[Saved entries]

== Segment start ==

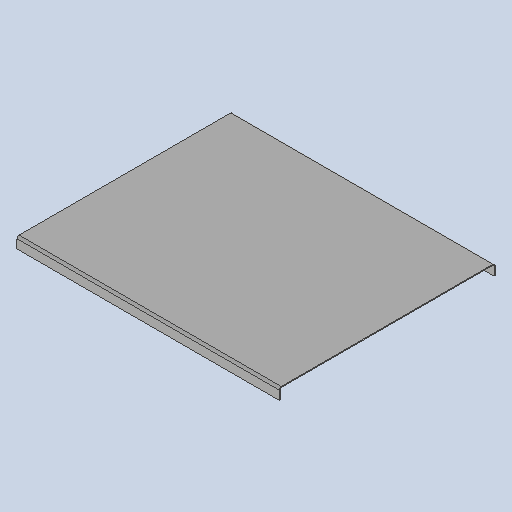
# Autodesk Inventor part: TRM 025 left board damper
Saved by Autodesk Inventor 2025 (Build 290162010, 162A)
## iProperties
Created: 2024-08-07
Part Number: TRM 025 left board damper
Material: AISI 304
Document SubType Name: Sheet Metal
Designer: pokla
Density: 8.02768 g/cm^3
Flat Pattern Width: 60 cm
Flat Pattern Length: 53.6404 cm
Flat Pattern Area: 3218.42 cm^2
Sheet Metal Rule: AISI304 2mm Die16
Sheet Metal Width: 600.000 mm
Sheet Metal Length: 536.404 mm
Sheet Metal Area: 321842.389 mm^2
Appearance: Default
Stock Number: ТРМ 025 левый борт успокоитель
Mass: 5170.93 g
Surface Area: 6486.84 cm^2
Volume: 644.137 cm^3
Author: pokla
Autodesk Inventor part; units mm, degrees
ref_plane "YZ Plane" through (0, 0, 0) normal (1, 0, 0) x (0, 1, 0)
ref_plane "XZ Plane" through (0, 0, 0) normal (0, 1, 0) x (-1, 0, 0)
ref_plane "XY Plane" through (0, 0, 0) normal (0, 0, 1) x (1, 0, 0)
sketch "Sketch1" plane through (0, 0, 0) normal (0, 0, 1) x (1, 0, 0)
  line L0 (-300, -245) -> (300, -245)
  line L1 (300, -245) -> (300, 245)
  line L2 (300, 245) -> (-300, 245)
  line L3 (-300, 245) -> (-300, -245)
  line L4 (-300, -245) -> (300, 245) construction
  line L5 (300, -245) -> (-300, 245) construction
  point P0 (0, 0)
  dimension "d0" = 600
  dimension "d1" = 490
  measures "d0" distance of L2.end L1.end
  measures "d1" distance of L1.end L0.end
extrude "Plate1" add sketch "Sketch1" along normal blind 2
sketch "Sketch2" plane through (0, 0, 0) normal (0, 0, -1) x (-1, 0, 0)
  line L0 (-280, 225) -> (-80, 225) construction
  line L1 (-80, 225) -> (-80, 205) construction
  line L2 (-80, 205) -> (-280, 205) construction
  line L3 (-280, 205) -> (-280, 225) construction
  line L4 (-300, 245) -> (300, 245) projected
  line L5 (-300, -245) -> (-300, 245) projected
  point P0 (0, 0)
  point P1 (-48, 100)
  point P2 (300, 245)
  point P3 (-50, 98)
  dimension "d6" = 200
  dimension "d9" = 20
  dimension "d10" = 20
  dimension "d11" = 20
  constraints: 4 other
  measures "d6" distance of L0.start L0.end
  measures "d9" distance of L0.end L1.end
  measures "d11" length of L3
mark "Mark1"
sketch "Sketch3" plane through (-300, 247, 2) normal (0, -1, 0) x (1, 0, 0)
  line L0 (600, 0) -> (0, 0)
  line L1 (0, 0) -> (0, 25)
  line L2 (0, 25) -> (600, 25)
  line L3 (600, 25) -> (600, 0)
  constraints: 8 end point
edge flange "Flange1" height 25 angle 90 thickness 2 bend radius 2.75 thickness toward (0, -1, 0) relief round relief width 2 relief depth 1 corner gap 2.75 corner form 0 edges at (0, 245, 2) (0, -245, 2) wall of the first edge with corners at (300, 247, 2) (-300, 247, 2) (-300, 247, -23) (300, 247, -23)
bend "Bend1"
corner "Corner1"
equation "\"d2\" = Thickness"
equation "\"d12\" = BendReliefWidth"
equation "\"d13\" = BendReliefDepth"
equation "\"d14\" = MinimumRemnant"
equation "\"d15\" = TransitionRadius"
equation "\"d18\" = BendRadius"
equation "\"d19\" = CornerReliefSize"
equation "\"d20\" = GapSize"
equation "\"d21\" = JacobiRadiusSize"
equation "\"BendReliefWidth\" = Thickness"
equation "\"BendReliefDepth\" = 0.5 * Thickness"
equation "\"CornerReliefSize\" = 4 * Thickness"
equation "\"MinimumRemnant\" = 2 * Thickness"
equation "\"TransitionRadius\" = BendRadius"
equation "\"JacobiRadiusSize\" = BendRadius"
equation "\"GapSize\" = Thickness"
equation "\"Thickness\" = 2"
equation "\"BendRadius\" = 2.75"
body "Solid1"

== Segment end ==

**TASK BRIEF:** Each line above from the one with "line L5 (-300, -245)" up to and including the one with "constraints: 4 other" must be set down exactly, and no line outside that span may appear.

**EXPECTED ANSWER:**
  line L5 (-300, -245) -> (-300, 245) projected
  point P0 (0, 0)
  point P1 (-48, 100)
  point P2 (300, 245)
  point P3 (-50, 98)
  dimension "d6" = 200
  dimension "d9" = 20
  dimension "d10" = 20
  dimension "d11" = 20
  constraints: 4 other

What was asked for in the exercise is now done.